The Blockburger test is satisfied only if each offense requires proof of an element that the other does not, and thus the test, when fleshed out by the particular conduct constituting the elements involved in the hypothetical case, is not satisfied. In effect, failing to drive to the right of center is, under the facts of the given case, a lesser included offense of reckless driving. It would seem unfair, in the absence of a demonstrated legislative intent to permit double punishment, to allow the defendant to be sentenced for the lesser included offense and then given a consecutive sentence for the greater offense.

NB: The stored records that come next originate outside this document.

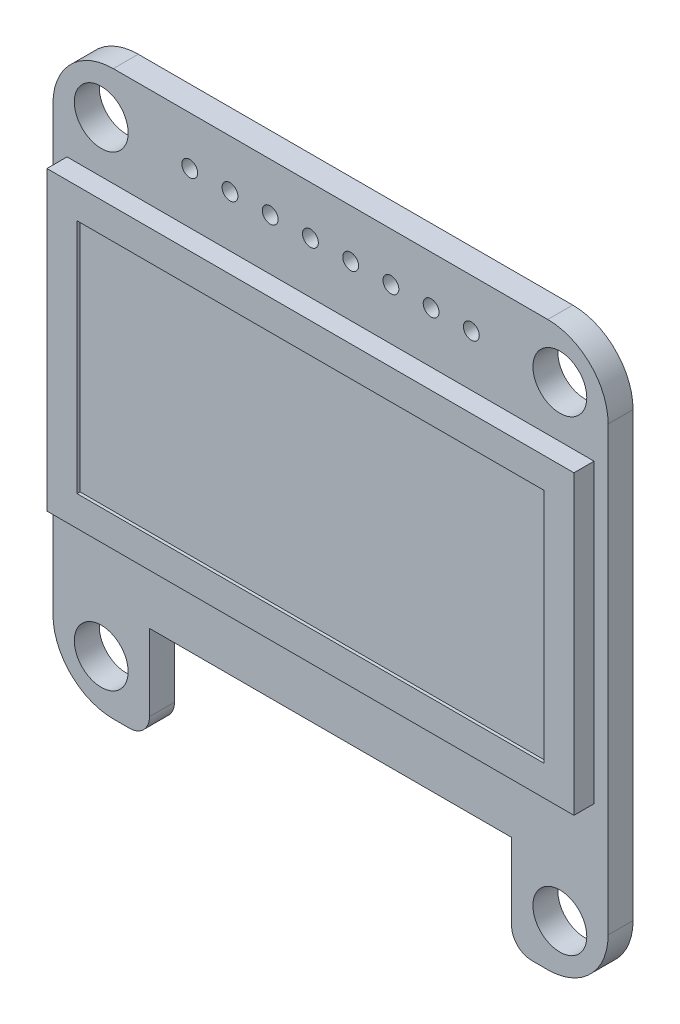
ISO-10303-21;
HEADER;
FILE_DESCRIPTION(('STEP AP214'),'2;1');
FILE_NAME('part.step','',(''),(''),'','','');
FILE_SCHEMA(('AUTOMOTIVE_DESIGN { 1 0 10303 214 1 1 1 1 }'));
ENDSEC;
DATA;
#1=APPLICATION_CONTEXT('core data for automotive mechanical design processes');
#2=APPLICATION_PROTOCOL_DEFINITION('international standard','automotive_design',2000,#1);
#3=PRODUCT_CONTEXT('',#1,'mechanical');
#4=PRODUCT('Part','Part','',(#3));
#5=PRODUCT_RELATED_PRODUCT_CATEGORY('part','',(#4));
#6=PRODUCT_DEFINITION_FORMATION('','',#4);
#7=PRODUCT_DEFINITION_CONTEXT('part definition',#1,'design');
#8=PRODUCT_DEFINITION('design','',#6,#7);
#9=PRODUCT_DEFINITION_SHAPE('','',#8);
#10=(LENGTH_UNIT() NAMED_UNIT(*) SI_UNIT(.MILLI.,.METRE.));
#11=(NAMED_UNIT(*) PLANE_ANGLE_UNIT() SI_UNIT($,.RADIAN.));
#12=(NAMED_UNIT(*) SI_UNIT($,.STERADIAN.) SOLID_ANGLE_UNIT());
#13=UNCERTAINTY_MEASURE_WITH_UNIT(LENGTH_MEASURE(1.E-05),#10,'distance_accuracy_value','');
#14=(GEOMETRIC_REPRESENTATION_CONTEXT(3) GLOBAL_UNCERTAINTY_ASSIGNED_CONTEXT((#13)) GLOBAL_UNIT_ASSIGNED_CONTEXT((#10,
#11,#12)) REPRESENTATION_CONTEXT('',''));
#15=CARTESIAN_POINT('',(0.,0.,0.));
#16=DIRECTION('',(0.,0.,1.));
#17=DIRECTION('',(1.,0.,0.));
#18=AXIS2_PLACEMENT_3D('',#15,#16,#17);
#19=CARTESIAN_POINT('',(-3.048,-3.048,1.5748));
#20=DIRECTION('',(0.,1.,0.));
#21=DIRECTION('',(0.,0.,1.));
#22=AXIS2_PLACEMENT_3D('',#19,#20,#21);
#23=PLANE('',#22);
#24=DIRECTION('',(1.,0.,0.));
#25=VECTOR('',#24,1.);
#26=CARTESIAN_POINT('',(-3.048,-3.048,0.));
#27=LINE('',#26,#25);
#28=CARTESIAN_POINT('',(0.762000000000003,-3.048,0.));
#29=VERTEX_POINT('',#28);
#30=CARTESIAN_POINT('',(1.778,-3.048,0.));
#31=VERTEX_POINT('',#30);
#32=EDGE_CURVE('E370',#29,#31,#27,.T.);
#33=ORIENTED_EDGE('',*,*,#32,.T.);
#34=DIRECTION('',(0.,0.,1.));
#35=VECTOR('',#34,1.);
#36=CARTESIAN_POINT('',(1.778,-3.048,1.5748));
#37=LINE('',#36,#35);
#38=CARTESIAN_POINT('',(1.778,-3.048,1.5748));
#39=VERTEX_POINT('',#38);
#40=EDGE_CURVE('E412',#31,#39,#37,.T.);
#41=ORIENTED_EDGE('',*,*,#40,.T.);
#42=DIRECTION('',(1.,0.,0.));
#43=VECTOR('',#42,1.);
#44=CARTESIAN_POINT('',(-3.048,-3.048,1.5748));
#45=LINE('',#44,#43);
#46=CARTESIAN_POINT('',(0.762000000000003,-3.048,1.5748));
#47=VERTEX_POINT('',#46);
#48=EDGE_CURVE('E357',#47,#39,#45,.T.);
#49=ORIENTED_EDGE('',*,*,#48,.F.);
#50=DIRECTION('',(0.,0.,-1.));
#51=VECTOR('',#50,1.);
#52=CARTESIAN_POINT('',(0.762000000000003,-3.048,1.5748));
#53=LINE('',#52,#51);
#54=EDGE_CURVE('E363',#47,#29,#53,.T.);
#55=ORIENTED_EDGE('',*,*,#54,.T.);
#56=EDGE_LOOP('',(#33,#41,#49,#55));
#57=FACE_BOUND('',#56,.T.);
#58=ADVANCED_FACE('F41',(#57),#23,.F.);
#59=CARTESIAN_POINT('',(-3.048,32.512,1.5748));
#60=DIRECTION('',(0.,1.,0.));
#61=DIRECTION('',(0.,0.,1.));
#62=AXIS2_PLACEMENT_3D('',#59,#60,#61);
#63=PLANE('',#62);
#64=DIRECTION('',(1.,0.,0.));
#65=VECTOR('',#64,1.);
#66=CARTESIAN_POINT('',(-3.048,32.512,1.5748));
#67=LINE('',#66,#65);
#68=CARTESIAN_POINT('',(0.762,32.512,1.5748));
#69=VERTEX_POINT('',#68);
#70=CARTESIAN_POINT('',(28.194,32.512,1.5748));
#71=VERTEX_POINT('',#70);
#72=EDGE_CURVE('E349',#69,#71,#67,.T.);
#73=ORIENTED_EDGE('',*,*,#72,.T.);
#74=DIRECTION('',(0.,0.,-1.));
#75=VECTOR('',#74,1.);
#76=CARTESIAN_POINT('',(28.194,32.512,1.5748));
#77=LINE('',#76,#75);
#78=CARTESIAN_POINT('',(28.194,32.512,0.));
#79=VERTEX_POINT('',#78);
#80=EDGE_CURVE('E409',#71,#79,#77,.T.);
#81=ORIENTED_EDGE('',*,*,#80,.T.);
#82=DIRECTION('',(1.,0.,0.));
#83=VECTOR('',#82,1.);
#84=CARTESIAN_POINT('',(-3.048,32.512,0.));
#85=LINE('',#84,#83);
#86=CARTESIAN_POINT('',(0.762,32.512,0.));
#87=VERTEX_POINT('',#86);
#88=EDGE_CURVE('E346',#87,#79,#85,.T.);
#89=ORIENTED_EDGE('',*,*,#88,.F.);
#90=DIRECTION('',(0.,0.,-1.));
#91=VECTOR('',#90,1.);
#92=CARTESIAN_POINT('',(0.762,32.512,1.5748));
#93=LINE('',#92,#91);
#94=EDGE_CURVE('E407',#87,#69,#93,.F.);
#95=ORIENTED_EDGE('',*,*,#94,.T.);
#96=EDGE_LOOP('',(#73,#81,#89,#95));
#97=FACE_BOUND('',#96,.T.);
#98=ADVANCED_FACE('F467',(#97),#63,.T.);
#99=CARTESIAN_POINT('',(-3.048,32.512,1.5748));
#100=DIRECTION('',(1.,0.,0.));
#101=DIRECTION('',(0.,1.,0.));
#102=AXIS2_PLACEMENT_3D('',#99,#100,#101);
#103=PLANE('',#102);
#104=DIRECTION('',(0.,-1.,0.));
#105=VECTOR('',#104,1.);
#106=CARTESIAN_POINT('',(-3.048,32.512,0.));
#107=LINE('',#106,#105);
#108=CARTESIAN_POINT('',(-3.048,28.702,0.));
#109=VERTEX_POINT('',#108);
#110=CARTESIAN_POINT('',(-3.048,0.762000000000006,0.));
#111=VERTEX_POINT('',#110);
#112=EDGE_CURVE('E353',#109,#111,#107,.T.);
#113=ORIENTED_EDGE('',*,*,#112,.T.);
#114=DIRECTION('',(0.,0.,-1.));
#115=VECTOR('',#114,1.);
#116=CARTESIAN_POINT('',(-3.048,0.762000000000006,1.5748));
#117=LINE('',#116,#115);
#118=CARTESIAN_POINT('',(-3.048,0.762000000000006,1.5748));
#119=VERTEX_POINT('',#118);
#120=EDGE_CURVE('E389',#111,#119,#117,.F.);
#121=ORIENTED_EDGE('',*,*,#120,.T.);
#122=DIRECTION('',(0.,-1.,0.));
#123=VECTOR('',#122,1.);
#124=CARTESIAN_POINT('',(-3.048,32.512,1.5748));
#125=LINE('',#124,#123);
#126=CARTESIAN_POINT('',(-3.048,28.702,1.5748));
#127=VERTEX_POINT('',#126);
#128=EDGE_CURVE('E360',#127,#119,#125,.T.);
#129=ORIENTED_EDGE('',*,*,#128,.F.);
#130=DIRECTION('',(0.,0.,-1.));
#131=VECTOR('',#130,1.);
#132=CARTESIAN_POINT('',(-3.048,28.702,0.));
#133=LINE('',#132,#131);
#134=EDGE_CURVE('E386',#127,#109,#133,.T.);
#135=ORIENTED_EDGE('',*,*,#134,.T.);
#136=EDGE_LOOP('',(#113,#121,#129,#135));
#137=FACE_BOUND('',#136,.T.);
#138=ADVANCED_FACE('F476',(#137),#103,.F.);
#139=CARTESIAN_POINT('',(27.178,-3.048,1.5748));
#140=VERTEX_POINT('',#139);
#141=CARTESIAN_POINT('',(28.194,-3.048,1.5748));
#142=VERTEX_POINT('',#141);
#143=EDGE_CURVE('E356',#140,#142,#45,.T.);
#144=ORIENTED_EDGE('',*,*,#143,.F.);
#145=DIRECTION('',(0.,0.,1.));
#146=VECTOR('',#145,1.);
#147=CARTESIAN_POINT('',(27.178,-3.048,1.5748));
#148=LINE('',#147,#146);
#149=CARTESIAN_POINT('',(27.178,-3.048,0.));
#150=VERTEX_POINT('',#149);
#151=EDGE_CURVE('E11',#140,#150,#148,.F.);
#152=ORIENTED_EDGE('',*,*,#151,.T.);
#153=CARTESIAN_POINT('',(28.194,-3.048,0.));
#154=VERTEX_POINT('',#153);
#155=EDGE_CURVE('E369',#150,#154,#27,.T.);
#156=ORIENTED_EDGE('',*,*,#155,.T.);
#157=DIRECTION('',(0.,0.,-1.));
#158=VECTOR('',#157,1.);
#159=CARTESIAN_POINT('',(28.194,-3.048,1.5748));
#160=LINE('',#159,#158);
#161=EDGE_CURVE('E404',#154,#142,#160,.F.);
#162=ORIENTED_EDGE('',*,*,#161,.T.);
#163=EDGE_LOOP('',(#144,#152,#156,#162));
#164=FACE_BOUND('',#163,.T.);
#165=ADVANCED_FACE('F449',(#164),#23,.F.);
#166=CARTESIAN_POINT('',(32.004,32.512,1.5748));
#167=DIRECTION('',(1.,0.,0.));
#168=DIRECTION('',(0.,0.,-1.));
#169=AXIS2_PLACEMENT_3D('',#166,#167,#168);
#170=PLANE('',#169);
#171=DIRECTION('',(0.,-1.,0.));
#172=VECTOR('',#171,1.);
#173=CARTESIAN_POINT('',(32.004,32.512,1.5748));
#174=LINE('',#173,#172);
#175=CARTESIAN_POINT('',(32.004,28.702,1.5748));
#176=VERTEX_POINT('',#175);
#177=CARTESIAN_POINT('',(32.004,0.762000000000006,1.5748));
#178=VERTEX_POINT('',#177);
#179=EDGE_CURVE('E352',#176,#178,#174,.T.);
#180=ORIENTED_EDGE('',*,*,#179,.T.);
#181=DIRECTION('',(0.,0.,-1.));
#182=VECTOR('',#181,1.);
#183=CARTESIAN_POINT('',(32.004,0.762000000000006,0.));
#184=LINE('',#183,#182);
#185=CARTESIAN_POINT('',(32.004,0.762000000000006,0.));
#186=VERTEX_POINT('',#185);
#187=EDGE_CURVE('E401',#178,#186,#184,.T.);
#188=ORIENTED_EDGE('',*,*,#187,.T.);
#189=DIRECTION('',(0.,-1.,0.));
#190=VECTOR('',#189,1.);
#191=CARTESIAN_POINT('',(32.004,32.512,0.));
#192=LINE('',#191,#190);
#193=CARTESIAN_POINT('',(32.004,28.702,0.));
#194=VERTEX_POINT('',#193);
#195=EDGE_CURVE('E366',#194,#186,#192,.T.);
#196=ORIENTED_EDGE('',*,*,#195,.F.);
#197=DIRECTION('',(0.,0.,-1.));
#198=VECTOR('',#197,1.);
#199=CARTESIAN_POINT('',(32.004,28.702,1.5748));
#200=LINE('',#199,#198);
#201=EDGE_CURVE('E399',#194,#176,#200,.F.);
#202=ORIENTED_EDGE('',*,*,#201,.T.);
#203=EDGE_LOOP('',(#180,#188,#196,#202));
#204=FACE_BOUND('',#203,.T.);
#205=ADVANCED_FACE('F457',(#204),#170,.T.);
#206=CARTESIAN_POINT('',(0.,0.,1.5748));
#207=DIRECTION('',(0.,0.,-1.));
#208=DIRECTION('',(-1.,0.,0.));
#209=AXIS2_PLACEMENT_3D('',#206,#207,#208);
#210=PLANE('',#209);
#211=DIRECTION('',(-1.,0.,0.));
#212=VECTOR('',#211,1.);
#213=CARTESIAN_POINT('',(31.115,26.2240568461912,1.5748));
#214=LINE('',#213,#212);
#215=CARTESIAN_POINT('',(31.115,26.2240568461912,1.5748));
#216=VERTEX_POINT('',#215);
#217=CARTESIAN_POINT('',(-2.15899999999999,26.2240568461912,1.5748));
#218=VERTEX_POINT('',#217);
#219=EDGE_CURVE('E234',#216,#218,#214,.T.);
#220=ORIENTED_EDGE('',*,*,#219,.F.);
#221=DIRECTION('',(0.,-1.,0.));
#222=VECTOR('',#221,1.);
#223=CARTESIAN_POINT('',(31.115,26.2240568461912,1.5748));
#224=LINE('',#223,#222);
#225=CARTESIAN_POINT('',(31.115,7.49300000000001,1.5748));
#226=VERTEX_POINT('',#225);
#227=EDGE_CURVE('E226',#216,#226,#224,.T.);
#228=ORIENTED_EDGE('',*,*,#227,.T.);
#229=DIRECTION('',(-1.,0.,0.));
#230=VECTOR('',#229,1.);
#231=CARTESIAN_POINT('',(31.115,7.49300000000001,1.5748));
#232=LINE('',#231,#230);
#233=CARTESIAN_POINT('',(-2.15899999999999,7.493,1.5748));
#234=VERTEX_POINT('',#233);
#235=EDGE_CURVE('E244',#226,#234,#232,.T.);
#236=ORIENTED_EDGE('',*,*,#235,.T.);
#237=DIRECTION('',(0.,-1.,0.));
#238=VECTOR('',#237,1.);
#239=CARTESIAN_POINT('',(-2.15899999999999,26.2240568461912,1.5748));
#240=LINE('',#239,#238);
#241=EDGE_CURVE('E64',#218,#234,#240,.T.);
#242=ORIENTED_EDGE('',*,*,#241,.F.);
#243=EDGE_LOOP('',(#220,#228,#236,#242));
#244=FACE_BOUND('',#243,.T.);
#245=CARTESIAN_POINT('',(5.58799999999999,29.464,1.5748));
#246=DIRECTION('',(0.,0.,1.));
#247=DIRECTION('',(1.,0.,0.));
#248=AXIS2_PLACEMENT_3D('',#245,#246,#247);
#249=CIRCLE('',#248,0.5);
#250=CARTESIAN_POINT('',(6.08799999999999,29.464,1.5748));
#251=VERTEX_POINT('',#250);
#252=EDGE_CURVE('E251',#251,#251,#249,.T.);
#253=ORIENTED_EDGE('',*,*,#252,.F.);
#254=EDGE_LOOP('',(#253));
#255=FACE_BOUND('',#254,.T.);
#256=CARTESIAN_POINT('',(8.12799999999999,29.464,1.5748));
#257=DIRECTION('',(0.,0.,1.));
#258=DIRECTION('',(1.,0.,0.));
#259=AXIS2_PLACEMENT_3D('',#256,#257,#258);
#260=CIRCLE('',#259,0.5);
#261=CARTESIAN_POINT('',(8.62799999999999,29.464,1.5748));
#262=VERTEX_POINT('',#261);
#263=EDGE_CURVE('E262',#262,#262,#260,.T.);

The Supreme Court has not always taken a completely sterile approach to Blockburger in multiple punishment cases. In Whalen v. United States, 445 U.S. 684, 100 S.Ct. 1432, 63 L.Ed.2d 715 (1980), the question was whether the defendant could be separately sentenced for the offense of felony murder and the underlying felony of rape that was used to prove the felony murder. The government argued that the felony murder statute proscribed the killing of another person in the course of committing rape, or robbery, or kidnapping, or arson, etc., and thus, employing the sterile approach of Blockburger, it was not in every instance necessary to prove rape in order to prove felony murder. The Supreme Court did not accept the argument, but looked instead to the particular circumstances of the case before it:
In the present case, however, proof of rape is a necessary element of proof of the felony murder, and we are unpersuaded that this case should be treated differently from *473other cases in which one criminal offense requires proof of every element of another offense.
Id. 445 U.S. at 694, 100 S.Ct. at 1439. (emphasis added).
We need not decide in this case whether the Grady gloss to the Blockburger test applies in multiple punishment cases. We need only assume, arguendo, that it does, and then conclude, for the reasons so well stated in the Court’s opinion, that conspiracy and murder are not the same offense for purposes of jeopardy even when tested under the teachings of Grady. We would then be free to consider, when the issue is squarely presented, whether the Grady approach should be utilized to resolve multiple punishment jeopardy problems.